EXERCISE AIM: Reproduce, exactly and only, the lines of the data that follows from the one containing "24.15L214.331 24.15L214.331 458.85L268.669" down to the one containing "blk.add_solid(points, dxfattribs=at)", without pictures.

[Source records]
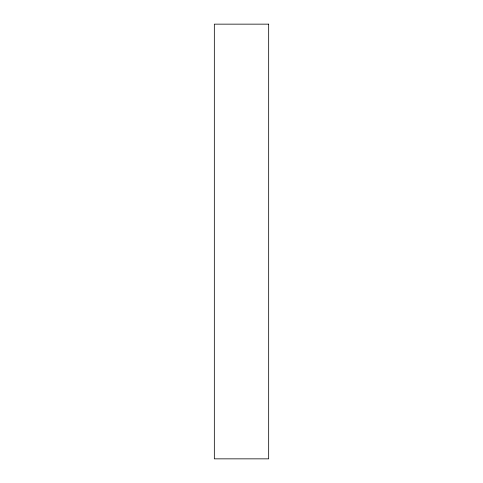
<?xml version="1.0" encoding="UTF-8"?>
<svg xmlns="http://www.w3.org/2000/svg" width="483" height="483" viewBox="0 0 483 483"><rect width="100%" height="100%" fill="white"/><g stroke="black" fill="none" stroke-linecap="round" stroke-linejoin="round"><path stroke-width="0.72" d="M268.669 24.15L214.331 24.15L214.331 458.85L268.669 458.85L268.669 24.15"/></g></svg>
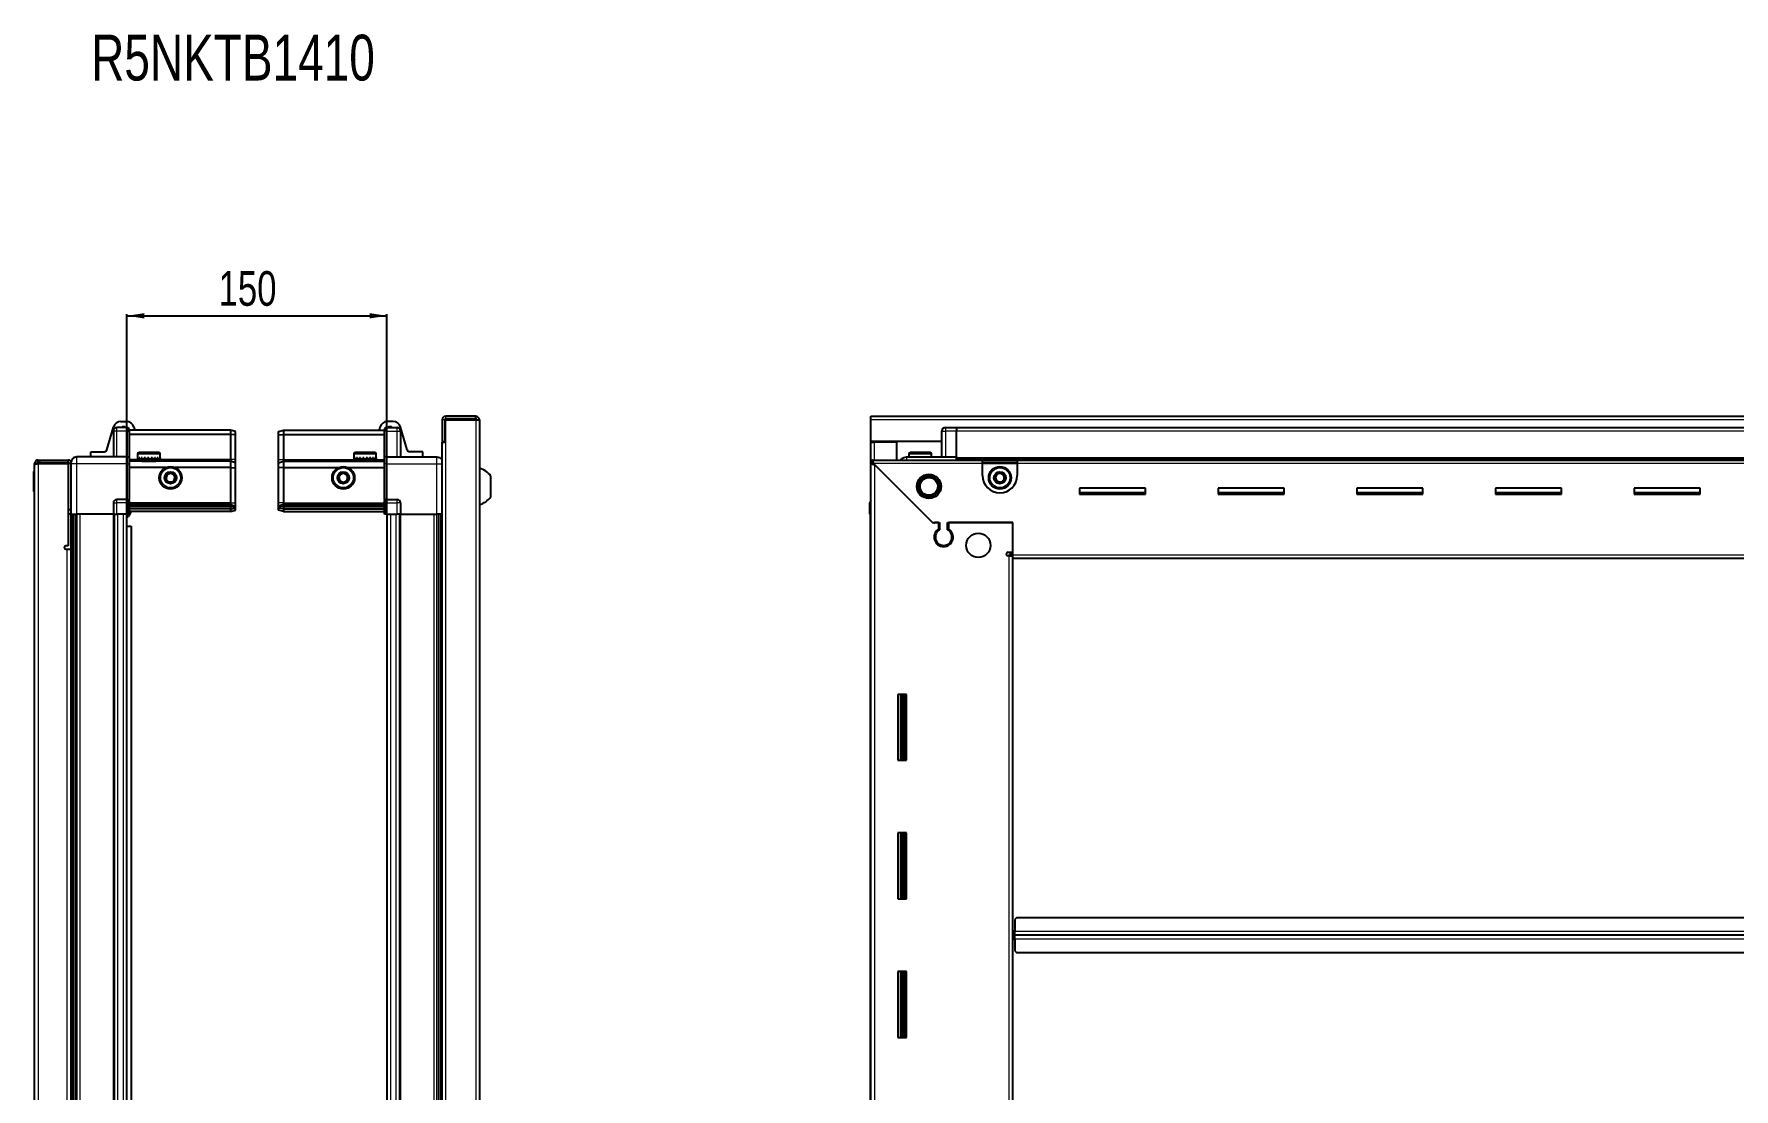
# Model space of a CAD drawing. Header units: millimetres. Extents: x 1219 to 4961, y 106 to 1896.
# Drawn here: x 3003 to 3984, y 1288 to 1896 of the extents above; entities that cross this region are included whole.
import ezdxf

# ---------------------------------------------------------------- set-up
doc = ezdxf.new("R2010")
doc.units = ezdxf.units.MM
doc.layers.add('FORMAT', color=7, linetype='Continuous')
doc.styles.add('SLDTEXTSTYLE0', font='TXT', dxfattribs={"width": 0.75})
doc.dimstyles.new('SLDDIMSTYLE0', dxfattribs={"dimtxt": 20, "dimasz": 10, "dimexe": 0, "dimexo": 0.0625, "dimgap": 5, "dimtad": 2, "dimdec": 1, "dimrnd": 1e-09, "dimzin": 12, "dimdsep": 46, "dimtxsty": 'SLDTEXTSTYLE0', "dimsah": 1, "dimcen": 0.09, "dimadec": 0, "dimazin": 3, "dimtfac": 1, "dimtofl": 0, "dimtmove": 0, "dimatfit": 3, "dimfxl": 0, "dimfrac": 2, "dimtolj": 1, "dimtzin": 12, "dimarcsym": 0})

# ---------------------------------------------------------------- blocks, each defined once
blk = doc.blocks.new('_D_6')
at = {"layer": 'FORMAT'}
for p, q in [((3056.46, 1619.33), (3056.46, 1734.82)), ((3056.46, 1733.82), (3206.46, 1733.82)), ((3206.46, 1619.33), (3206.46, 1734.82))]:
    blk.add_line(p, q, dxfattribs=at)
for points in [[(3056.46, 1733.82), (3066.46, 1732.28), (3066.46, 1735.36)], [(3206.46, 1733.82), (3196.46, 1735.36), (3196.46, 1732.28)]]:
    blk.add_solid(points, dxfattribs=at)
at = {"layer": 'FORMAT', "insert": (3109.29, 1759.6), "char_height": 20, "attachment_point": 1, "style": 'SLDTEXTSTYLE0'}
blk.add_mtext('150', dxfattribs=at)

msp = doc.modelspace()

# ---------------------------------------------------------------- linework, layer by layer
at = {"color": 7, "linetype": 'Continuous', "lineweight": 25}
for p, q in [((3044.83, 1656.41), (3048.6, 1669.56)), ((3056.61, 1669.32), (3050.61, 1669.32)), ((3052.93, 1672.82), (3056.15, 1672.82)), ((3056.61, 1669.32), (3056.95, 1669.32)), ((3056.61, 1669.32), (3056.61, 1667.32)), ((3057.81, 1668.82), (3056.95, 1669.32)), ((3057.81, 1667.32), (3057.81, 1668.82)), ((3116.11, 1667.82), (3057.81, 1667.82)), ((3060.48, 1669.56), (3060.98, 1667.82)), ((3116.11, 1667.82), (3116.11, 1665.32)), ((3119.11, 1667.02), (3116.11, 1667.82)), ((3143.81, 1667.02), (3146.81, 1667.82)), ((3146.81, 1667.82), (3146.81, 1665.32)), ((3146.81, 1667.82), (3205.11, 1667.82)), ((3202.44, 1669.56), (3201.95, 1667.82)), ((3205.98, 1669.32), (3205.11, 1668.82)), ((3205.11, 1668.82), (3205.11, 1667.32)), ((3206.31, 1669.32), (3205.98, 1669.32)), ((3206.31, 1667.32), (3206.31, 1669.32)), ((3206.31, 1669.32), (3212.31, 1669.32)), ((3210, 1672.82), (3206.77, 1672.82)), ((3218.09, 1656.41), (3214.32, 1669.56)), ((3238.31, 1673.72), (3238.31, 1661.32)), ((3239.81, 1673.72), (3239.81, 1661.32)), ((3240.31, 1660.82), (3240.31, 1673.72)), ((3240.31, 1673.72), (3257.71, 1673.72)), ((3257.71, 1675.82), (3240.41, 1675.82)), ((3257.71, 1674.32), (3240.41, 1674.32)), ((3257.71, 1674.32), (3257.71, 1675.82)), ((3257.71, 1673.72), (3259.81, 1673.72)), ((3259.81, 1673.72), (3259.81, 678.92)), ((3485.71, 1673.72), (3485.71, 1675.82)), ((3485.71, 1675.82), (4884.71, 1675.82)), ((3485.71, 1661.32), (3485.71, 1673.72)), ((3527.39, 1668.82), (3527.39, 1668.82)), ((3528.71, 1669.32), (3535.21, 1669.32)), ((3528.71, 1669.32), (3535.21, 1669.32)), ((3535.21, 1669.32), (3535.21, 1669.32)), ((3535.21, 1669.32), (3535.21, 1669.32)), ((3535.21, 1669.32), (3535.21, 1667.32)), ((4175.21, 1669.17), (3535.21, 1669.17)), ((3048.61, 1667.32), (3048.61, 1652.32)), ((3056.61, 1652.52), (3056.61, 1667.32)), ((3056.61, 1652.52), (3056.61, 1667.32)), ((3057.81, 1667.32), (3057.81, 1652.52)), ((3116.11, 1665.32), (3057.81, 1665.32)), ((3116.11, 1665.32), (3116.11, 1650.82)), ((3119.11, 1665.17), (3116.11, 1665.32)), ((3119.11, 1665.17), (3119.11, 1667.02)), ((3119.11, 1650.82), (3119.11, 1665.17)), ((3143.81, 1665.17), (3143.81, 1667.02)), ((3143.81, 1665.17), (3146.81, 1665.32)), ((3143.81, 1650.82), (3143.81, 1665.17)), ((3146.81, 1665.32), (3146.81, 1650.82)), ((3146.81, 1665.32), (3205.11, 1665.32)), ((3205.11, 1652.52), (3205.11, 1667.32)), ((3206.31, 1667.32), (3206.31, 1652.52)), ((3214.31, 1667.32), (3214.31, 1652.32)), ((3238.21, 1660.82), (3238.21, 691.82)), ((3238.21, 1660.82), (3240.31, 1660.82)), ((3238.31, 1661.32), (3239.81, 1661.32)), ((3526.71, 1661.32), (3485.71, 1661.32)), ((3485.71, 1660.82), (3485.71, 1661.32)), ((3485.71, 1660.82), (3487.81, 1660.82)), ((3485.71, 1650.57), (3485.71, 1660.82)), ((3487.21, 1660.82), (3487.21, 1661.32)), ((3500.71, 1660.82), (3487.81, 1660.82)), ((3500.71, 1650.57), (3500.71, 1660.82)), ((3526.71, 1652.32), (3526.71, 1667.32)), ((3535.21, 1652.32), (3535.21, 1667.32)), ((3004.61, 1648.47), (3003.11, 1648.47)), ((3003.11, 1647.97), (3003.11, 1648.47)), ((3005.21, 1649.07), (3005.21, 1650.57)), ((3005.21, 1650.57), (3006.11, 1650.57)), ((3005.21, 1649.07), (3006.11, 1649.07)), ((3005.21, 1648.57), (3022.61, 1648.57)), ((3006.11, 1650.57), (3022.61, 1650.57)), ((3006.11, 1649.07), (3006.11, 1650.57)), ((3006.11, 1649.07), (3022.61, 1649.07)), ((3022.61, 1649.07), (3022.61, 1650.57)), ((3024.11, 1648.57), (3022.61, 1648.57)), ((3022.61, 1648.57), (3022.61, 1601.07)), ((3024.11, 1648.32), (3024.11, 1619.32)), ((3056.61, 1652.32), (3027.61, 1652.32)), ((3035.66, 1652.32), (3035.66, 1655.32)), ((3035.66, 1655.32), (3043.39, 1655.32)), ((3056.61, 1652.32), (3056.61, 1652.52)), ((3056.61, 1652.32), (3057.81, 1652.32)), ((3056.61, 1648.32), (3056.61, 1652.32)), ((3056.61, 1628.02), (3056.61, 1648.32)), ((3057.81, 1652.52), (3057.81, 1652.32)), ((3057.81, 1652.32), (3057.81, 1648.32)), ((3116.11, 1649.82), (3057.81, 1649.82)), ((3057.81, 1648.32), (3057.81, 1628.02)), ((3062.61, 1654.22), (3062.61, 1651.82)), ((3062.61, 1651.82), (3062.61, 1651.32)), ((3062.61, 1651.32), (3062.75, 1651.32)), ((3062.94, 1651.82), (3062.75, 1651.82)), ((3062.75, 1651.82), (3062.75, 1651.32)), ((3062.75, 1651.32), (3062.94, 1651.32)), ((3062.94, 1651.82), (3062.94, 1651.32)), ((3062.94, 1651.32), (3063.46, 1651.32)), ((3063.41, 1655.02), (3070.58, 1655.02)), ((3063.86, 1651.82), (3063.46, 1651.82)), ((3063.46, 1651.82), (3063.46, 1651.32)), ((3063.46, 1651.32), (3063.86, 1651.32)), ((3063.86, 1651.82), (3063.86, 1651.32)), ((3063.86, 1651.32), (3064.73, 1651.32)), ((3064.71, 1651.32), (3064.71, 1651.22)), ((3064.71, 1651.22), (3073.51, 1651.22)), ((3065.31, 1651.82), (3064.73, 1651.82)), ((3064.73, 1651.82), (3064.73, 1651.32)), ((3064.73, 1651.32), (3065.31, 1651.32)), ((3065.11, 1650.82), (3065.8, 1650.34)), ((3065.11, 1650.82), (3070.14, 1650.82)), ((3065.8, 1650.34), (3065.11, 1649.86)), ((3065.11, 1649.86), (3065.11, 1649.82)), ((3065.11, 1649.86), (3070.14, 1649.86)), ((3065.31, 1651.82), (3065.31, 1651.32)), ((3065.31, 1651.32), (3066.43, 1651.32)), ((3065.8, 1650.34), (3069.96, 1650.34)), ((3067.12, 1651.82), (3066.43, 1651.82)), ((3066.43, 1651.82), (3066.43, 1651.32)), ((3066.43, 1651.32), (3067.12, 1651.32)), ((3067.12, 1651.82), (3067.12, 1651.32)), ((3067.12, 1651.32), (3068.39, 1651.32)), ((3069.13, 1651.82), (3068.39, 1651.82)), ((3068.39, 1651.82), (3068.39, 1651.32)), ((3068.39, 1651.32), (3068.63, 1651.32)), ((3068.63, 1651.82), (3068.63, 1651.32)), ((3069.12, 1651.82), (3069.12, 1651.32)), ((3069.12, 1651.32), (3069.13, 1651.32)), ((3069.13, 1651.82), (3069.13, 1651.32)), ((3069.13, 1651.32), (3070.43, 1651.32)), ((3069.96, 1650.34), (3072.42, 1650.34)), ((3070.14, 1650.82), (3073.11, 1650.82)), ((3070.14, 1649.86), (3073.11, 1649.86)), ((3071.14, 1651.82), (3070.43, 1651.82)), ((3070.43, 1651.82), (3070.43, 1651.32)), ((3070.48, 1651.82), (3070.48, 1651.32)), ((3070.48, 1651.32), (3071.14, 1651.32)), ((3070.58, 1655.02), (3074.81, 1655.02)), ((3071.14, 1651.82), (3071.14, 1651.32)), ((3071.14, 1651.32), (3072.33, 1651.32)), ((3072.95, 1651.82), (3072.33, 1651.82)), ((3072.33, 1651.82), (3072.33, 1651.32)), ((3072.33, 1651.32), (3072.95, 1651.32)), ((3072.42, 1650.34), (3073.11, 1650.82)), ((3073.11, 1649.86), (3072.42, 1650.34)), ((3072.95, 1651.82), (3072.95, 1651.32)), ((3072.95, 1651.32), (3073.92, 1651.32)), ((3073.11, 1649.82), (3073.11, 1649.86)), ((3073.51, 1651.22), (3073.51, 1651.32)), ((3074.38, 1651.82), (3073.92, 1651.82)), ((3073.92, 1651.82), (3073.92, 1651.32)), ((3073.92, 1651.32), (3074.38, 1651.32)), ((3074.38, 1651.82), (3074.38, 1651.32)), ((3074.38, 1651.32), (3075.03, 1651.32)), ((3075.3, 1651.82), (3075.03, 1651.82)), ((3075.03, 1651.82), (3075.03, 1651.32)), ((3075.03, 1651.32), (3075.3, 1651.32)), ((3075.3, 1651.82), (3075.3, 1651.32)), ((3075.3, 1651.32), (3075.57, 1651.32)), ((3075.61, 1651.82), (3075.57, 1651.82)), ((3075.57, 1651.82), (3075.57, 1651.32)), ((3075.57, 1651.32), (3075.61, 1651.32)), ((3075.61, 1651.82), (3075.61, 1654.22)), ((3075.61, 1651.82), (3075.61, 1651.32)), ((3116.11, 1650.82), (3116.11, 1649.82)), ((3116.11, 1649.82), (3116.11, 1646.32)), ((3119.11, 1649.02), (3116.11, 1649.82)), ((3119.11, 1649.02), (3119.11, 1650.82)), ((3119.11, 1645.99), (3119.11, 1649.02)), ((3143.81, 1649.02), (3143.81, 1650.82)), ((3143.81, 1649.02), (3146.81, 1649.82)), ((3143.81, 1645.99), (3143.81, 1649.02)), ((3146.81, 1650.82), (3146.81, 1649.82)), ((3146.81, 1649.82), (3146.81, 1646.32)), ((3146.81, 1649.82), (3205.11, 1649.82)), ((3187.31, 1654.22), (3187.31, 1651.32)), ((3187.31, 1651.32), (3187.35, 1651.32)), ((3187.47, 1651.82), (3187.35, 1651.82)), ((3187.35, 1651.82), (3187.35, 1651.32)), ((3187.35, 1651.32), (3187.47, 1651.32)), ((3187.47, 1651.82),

REPLY:
<svg xmlns="http://www.w3.org/2000/svg" width="483" height="483" viewBox="0 0 483 483"><rect width="100%" height="100%" fill="white"/><g stroke="black" fill="none" stroke-linecap="round" stroke-linejoin="round"><path stroke-width="0.72" d="M268.669 24.15L214.331 24.15L214.331 458.85L268.669 458.85L268.669 24.15"/></g></svg>
# Model space of a CAD drawing. Header units: millimetres. Extents: x 1219 to 4961, y 106 to 1896.
# Drawn here: x 3003 to 3984, y 1288 to 1896 of the extents above; entities that cross this region are included whole.
import ezdxf

# ---------------------------------------------------------------- set-up
doc = ezdxf.new("R2010")
doc.units = ezdxf.units.MM
doc.layers.add('FORMAT', color=7, linetype='Continuous')
doc.styles.add('SLDTEXTSTYLE0', font='TXT', dxfattribs={"width": 0.75})
doc.dimstyles.new('SLDDIMSTYLE0', dxfattribs={"dimtxt": 20, "dimasz": 10, "dimexe": 0, "dimexo": 0.0625, "dimgap": 5, "dimtad": 2, "dimdec": 1, "dimrnd": 1e-09, "dimzin": 12, "dimdsep": 46, "dimtxsty": 'SLDTEXTSTYLE0', "dimsah": 1, "dimcen": 0.09, "dimadec": 0, "dimazin": 3, "dimtfac": 1, "dimtofl": 0, "dimtmove": 0, "dimatfit": 3, "dimfxl": 0, "dimfrac": 2, "dimtolj": 1, "dimtzin": 12, "dimarcsym": 0})

# ---------------------------------------------------------------- blocks, each defined once
blk = doc.blocks.new('_D_6')
at = {"layer": 'FORMAT'}
for p, q in [((3056.46, 1619.33), (3056.46, 1734.82)), ((3056.46, 1733.82), (3206.46, 1733.82)), ((3206.46, 1619.33), (3206.46, 1734.82))]:
    blk.add_line(p, q, dxfattribs=at)
for points in [[(3056.46, 1733.82), (3066.46, 1732.28), (3066.46, 1735.36)], [(3206.46, 1733.82), (3196.46, 1735.36), (3196.46, 1732.28)]]:
    blk.add_solid(points, dxfattribs=at)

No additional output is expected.